[Task to carry out]:
Working from the records below, repeat exactly the lines starting at the line that contains "Comau Robot Kinematics with Stewart Platform Motion/3(Pt_t)" and ending at the line that contains "Demux7/14 -> Mux7/2", inclusive.

#### Excerpted data

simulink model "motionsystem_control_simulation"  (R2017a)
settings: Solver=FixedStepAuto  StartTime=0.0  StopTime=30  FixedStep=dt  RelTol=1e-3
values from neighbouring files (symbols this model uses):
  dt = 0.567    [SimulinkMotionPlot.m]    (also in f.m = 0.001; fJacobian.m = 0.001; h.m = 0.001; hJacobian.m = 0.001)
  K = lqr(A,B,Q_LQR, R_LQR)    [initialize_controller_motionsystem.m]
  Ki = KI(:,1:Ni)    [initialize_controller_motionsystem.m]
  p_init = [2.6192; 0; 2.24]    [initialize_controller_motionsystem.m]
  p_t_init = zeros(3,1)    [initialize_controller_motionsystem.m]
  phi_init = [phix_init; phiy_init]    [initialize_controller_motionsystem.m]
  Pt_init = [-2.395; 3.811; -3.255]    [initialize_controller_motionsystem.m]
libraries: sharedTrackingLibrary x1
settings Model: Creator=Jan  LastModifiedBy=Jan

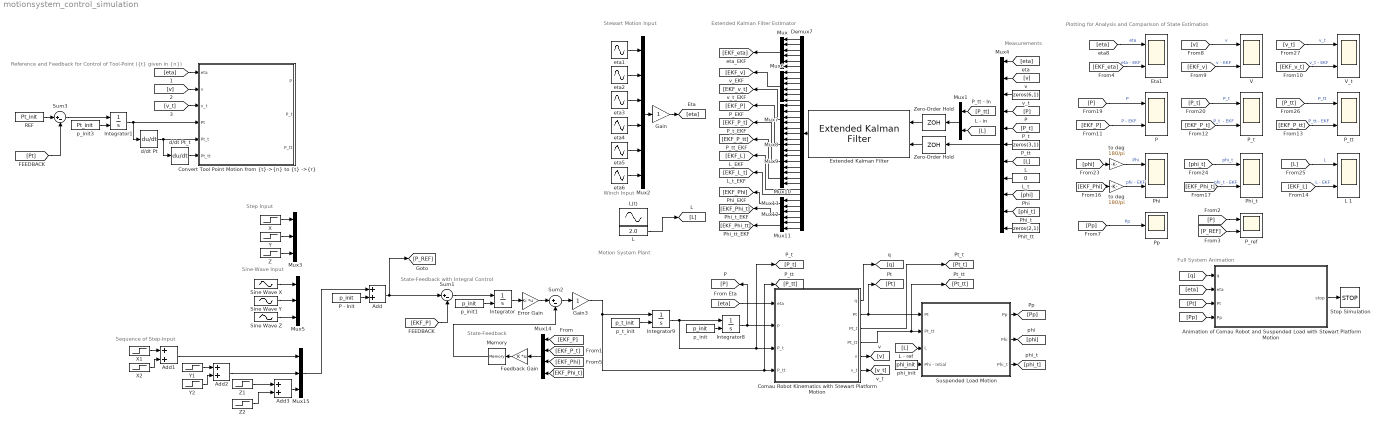
== system motionsystem_control_simulation ==
  note: Step Input
  note: Sine-Wave Input
  note: Sequence of Step-Input
  note: Motion System Plant
  note: Measurements
  note: State-Feedback
  note: Extended Kalman Filter Estimator
  note: Winch Input
  note: Full System Animation
  note: Stewart Motion Input
  note: Plotting for Analysis and Comparison of State Estimation
  note: State-Feedback with Integral Control
  note: Reference and Feedback for Control of Tool-Point
      | ({t} given in {n})
  " L_t " : Constant  Value=0
  " P_tt " : Constant  Value=zeros(3,1)
  " Phit_tt " : Constant  Value=zeros(2,1)
  " Zero-Order Hold " : ZeroOrderHold  SampleTime=dt
  " v_t " : Constant  Value=zeros(6,1)
  Add{,1..3} (4 alike) : Sum
  Animation of Comau Robot and Suspended Load with Stewart Platform Motion : MATLAB Function  TreatAsAtomicUnit=on  SystemSampleTime=0.1
  Comau Robot Kinematics with Stewart Platform Motion : Subsystem
  "Convert Tool Point Motion from {t}->{n} to {t} ->{r}" : MATLAB Function  TreatAsAtomicUnit=on
  Demux7 : Demux  Outputs=35
  Error Gain : Gain  Gain=Ki  Multiplication=Matrix(K*u)
  Eta1 : Scope  NumInputPorts=2
  Extended Kalman Filter : sharedTrackingLibrary/Extended Kalman Filter  StateTransitionFcn=f  HasStateTransitionJacobianFcn=on  StateTransitionJacobianFcn=fJacobian  HasAdditiveProcessNoise=Additive  ProcessNoise=Q_EKF  HasTimeVaryingProcessNoise=off  HasStateTransitionFcnExtraArgument=1  InitialState=EKF_init  InitialStateCovariance=P_EKF  MeasurementFcn1=h  HasMeasurementJacobianFcn1=on  MeasurementJacobianFcn1=hJacobian  HasMeasurementEnablePort1=off  HasAdditiveMeasurementNoise1=Additive  MeasurementNoise1=R_EKF  HasTimeVaryingMeasurementNoise1=off  HasMeasurementFcnExtraArgument1=0  MeasurementFcn2=myMeasurementFcn  HasMeasurementJacobianFcn2=off  HasMeasurementEnablePort2=off  HasAdditiveMeasurementNoise2=Additive  MeasurementNoise2=1  HasTimeVaryingMeasurementNoise2=off  HasMeasurementFcnExtraArgument2=0  MeasurementFcn3=myMeasurementFcn  HasMeasurementJacobianFcn3=off  HasMeasurementEnablePort3=off  HasAdditiveMeasurementNoise3=Additive  MeasurementNoise3=1  HasTimeVaryingMeasurementNoise3=off  HasMeasurementFcnExtraArgument3=0  MeasurementFcn4=myMeasurementFcn  HasMeasurementJacobianFcn4=off  HasMeasurementEnablePort4=off  HasAdditiveMeasurementNoise4=Additive  MeasurementNoise4=1  HasTimeVaryingMeasurementNoise4=off  HasMeasurementFcnExtraArgument4=0  MeasurementFcn5=myMeasurementFcn  HasMeasurementJacobianFcn5=off  HasMeasurementEnablePort5=off  HasAdditiveMeasurementNoise5=Additive  MeasurementNoise5=1  HasTimeVaryingMeasurementNoise5=off  HasMeasurementFcnExtraArgument5=0  EnableMultirate=off  StateTransitionFcnSampleTime=1  MeasurementFcn1SampleTime=1  MeasurementFcn2SampleTime=1  MeasurementFcn3SampleTime=1  MeasurementFcn4SampleTime=1  MeasurementFcn5SampleTime=1  UseCurrentEstimator=on  OutputStateCovariance=off  DataType=double  SampleTime=dt  NumberOfMeasurements=1
  Feedback Gain : Gain  Gain=K  Multiplication=Matrix(K*u)
  Gain : Gain
  Gain3 : Gain
  Integrator{,1,8..9} (4 alike) : Integrator  InitialConditionSource=external
  L : Constant  Value=2.0
  L 1 : Scope  NumInputPorts=2
  L(t) : Sin  Amplitude=0.75  Bias=2.0  Frequency=2*pi*0.05  SampleTime=0
  Memory : Memory
  Mux{,2,6..7} (4 alike) : Mux  Inputs=6
  Mux{1,11..13} (4 alike) : Mux  Inputs=2
  Mux{3,5,8..10,15} (6 alike) : Mux  Inputs=3
  Mux14 : Mux
  Mux4 : Mux  Inputs=11
  P : Scope  NumInputPorts=2
  P - Init : Constant  Value=p_init
  P_ref : Scope  NumInputPorts=2
  P_t : Scope  NumInputPorts=2
  P_tt : Scope  NumInputPorts=2
  Phi : Scope  NumInputPorts=2
  Phi_t : Scope  NumInputPorts=2
  "Pp   " : Scope
  REF : Constant  Value=Pt_init
  Sine Wave X : Sin  Amplitude=0.5  Frequency=2*pi*0.07  SampleTime=0
  Sine Wave Y : Sin  Amplitude=0.3  Frequency=2*pi*0.09  SampleTime=0
  Sine Wave Z : Sin  Amplitude=0.25  Frequency=2*pi*0.15  SampleTime=0
  Stop Simulation : Stop
  Sum1 : Sum  Inputs=|+-
  Sum2 : Sum  Inputs=|+-
  Sum3 : Sum  Inputs=|+-
  Suspended Load Motion : Subsystem
  V : Scope  NumInputPorts=2
  V_t : Scope  NumInputPorts=2
  X : Step  Time=0  After=0.4  SampleTime=0
  X1 : Step  After=0.4  SampleTime=0
  X2 : Step  Time=10  After=-0.8  SampleTime=0
  Y : Step  Time=0  After=0.4  SampleTime=0
  Y1 : Step  Time=2  After=0.4  SampleTime=0
  Y2 : Step  Time=13  After=-0.8  SampleTime=0
  Z : Step  Time=0  After=0.4  SampleTime=0
  Z1 : Step  Time=3  After=0.4  SampleTime=0
  Z2 : Step  Time=9  After=-0.2  SampleTime=0
  "Zero-Order Hold " : ZeroOrderHold  SampleTime=dt
  d/dt Pt : Derivative
  d/dt Pt_t : Derivative
  eta1 : Sin  Amplitude=0.1  Frequency=2*pi*0.1  Phase=0/180*pi  SampleTime=0
  eta2 : Sin  Amplitude=0.1  Frequency=2*pi*0.2  Phase=45/180*pi  SampleTime=0
  eta3 : Sin  Amplitude=0.2  Frequency=2*pi*0.1  Phase=90/180*pi  SampleTime=0
  eta4 : Sin  Amplitude=5/180*pi  Frequency=2*pi*0.1  Phase=0/180*pi  SampleTime=0
  eta5 : Sin  Amplitude=5/180*pi  Frequency=2*pi*0.15  Phase=90/180*pi  SampleTime=0
  eta6 : Sin  Amplitude=5/180*pi  Frequency=2*pi*0.2  Phase=120/180*pi  SampleTime=0
  "p_init " : Constant  Value=p_init
  p_init1 : Constant  Value=p_init
  p_init3 : Constant  Value=Pt_init
  p_t_init : Constant  Value=p_t_init
  phi_init : Constant  Value=phi_init
  to deg : Gain  Gain=180/pi
  "to deg    " : Gain  Gain=180/pi
  wires:
  Comau Robot Kinematics with Stewart Platform Motion/4(Pt_tt) -> [Pt_tt], Suspended Load Motion/2(Pt_tt)
  eta2/1 -> Mux2/2
  Mux2/1 -> Gain/1
  eta3/1 -> Mux2/3
  phi_init/1 -> Suspended Load Motion/4(Phi - Intial)
  eta1/1 -> Mux2/1
  eta6/1 -> Mux2/6
  eta5/1 -> Mux2/5
  Comau Robot Kinematics with Stewart Platform Motion/2(Pt) -> [Pt], Suspended Load Motion/1(Pt)
  eta4/1 -> Mux2/4
  Gain/1 -> [eta]
  Integrator8/1 -> [P], Comau Robot Kinematics with Stewart Platform Motion/2(P)
  "p_init "/1 -> Integrator8/2
  p_t_init/1 -> Integrator9/2
  Comau Robot Kinematics with Stewart Platform Motion/3(Pt_t) -> [Pt_t]
  Suspended Load Motion/3(Phi_t) -> [phi_t]
  Suspended Load Motion/2(Phi) -> [phi]
  Comau Robot Kinematics with Stewart Platform Motion/5(v) -> [v]
  Comau Robot Kinematics with Stewart Platform Motion/6(v_t) -> [v_t]
  Sum1/1 -> Integrator/1
  [EKF_P] -> Sum1/2
  Integrator/1 -> Error Gain/1
  Error Gain/1 -> Sum2/1
  Sum2/1 -> Gain3/1
  [P_tt] -> Mux1/1
  " Phit_tt "/1 -> Mux4/11
  Demux7/16 -> Mux7/4
  Demux7/14 -> Mux7/2
  Mux1/1 -> "Zero-Order Hold "/1
  [eta] -> Mux4/1
  Demux7/3 -> Mux/3
  Demux7/1 -> Mux/1
  [v] -> Mux4/2
  [L] -> Mux4/7
  Demux7/9 -> Mux6/3
  Demux7/4 -> Mux/4
  Demux7/13 -> Mux7/1
  Demux7/34 -> Mux11/1
  Demux7/19 -> Mux8/1
  Demux7/2 -> Mux/2
  Mux9/1 -> [EKF_P_t]
  Demux7/28 -> [EKF_L]
  [P] -> Mux4/4
  Mux13/1 -> [EKF_Phi]
  " P_tt "/1 -> Mux4/6
  Demux7/21 -> Mux8/3
  [P_t] -> Mux4/5
  Demux7/30 -> Mux13/1
  Demux7/22 -> Mux9/1
  " Zero-Order Hold "/1 -> Extended Kalman Filter/2
  Demux7/12 -> Mux6/6
  Demux7/29 -> [EKF_L_t]
  Demux7/32 -> Mux12/1
  [phi_t] -> Mux4/10
  Demux7/31 -> Mux13/2
  Demux7/25 -> Mux10/1
  Mux12/1 -> [EKF_Phi_t]
  Demux7/8 -> Mux6/2
  Demux7/15 -> Mux7/3
  Demux7/24 -> Mux9/3
  Mux7/1 -> [EKF_v_t]
  Mux11/1 -> [EKF_Phi_tt]
  Demux7/33 -> Mux12/2
  " L_t "/1 -> Mux4/8
  Demux7/35 -> Mux11/2
  Extended Kalman Filter/1 -> Demux7/1
  Mux10/1 -> [EKF_P_tt]
  Demux7/11 -> Mux6/5
  Mux/1 -> [EKF_eta]
  Demux7/5 -> Mux/5
  [phi] -> Mux4/9
  Demux7/27 -> Mux10/3
  Mux6/1 -> [EKF_v]
  Demux7/10 -> Mux6/4
  Demux7/18 -> Mux7/6
  Demux7/6 -> Mux/6
  Demux7/17 -> Mux7/5
  " v_t "/1 -> Mux4/3
  Demux7/7 -> Mux6/1
  Demux7/26 -> Mux10/2
  Mux8/1 -> [EKF_P]
  "Zero-Order Hold "/1 -> Extended Kalman Filter/1
  Demux7/20 -> Mux8/2
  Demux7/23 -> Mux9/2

########

[Response to this exercise]:
  Comau Robot Kinematics with Stewart Platform Motion/3(Pt_t) -> [Pt_t]
  Suspended Load Motion/3(Phi_t) -> [phi_t]
  Suspended Load Motion/2(Phi) -> [phi]
  Comau Robot Kinematics with Stewart Platform Motion/5(v) -> [v]
  Comau Robot Kinematics with Stewart Platform Motion/6(v_t) -> [v_t]
  Sum1/1 -> Integrator/1
  [EKF_P] -> Sum1/2
  Integrator/1 -> Error Gain/1
  Error Gain/1 -> Sum2/1
  Sum2/1 -> Gain3/1
  [P_tt] -> Mux1/1
  " Phit_tt "/1 -> Mux4/11
  Demux7/16 -> Mux7/4
  Demux7/14 -> Mux7/2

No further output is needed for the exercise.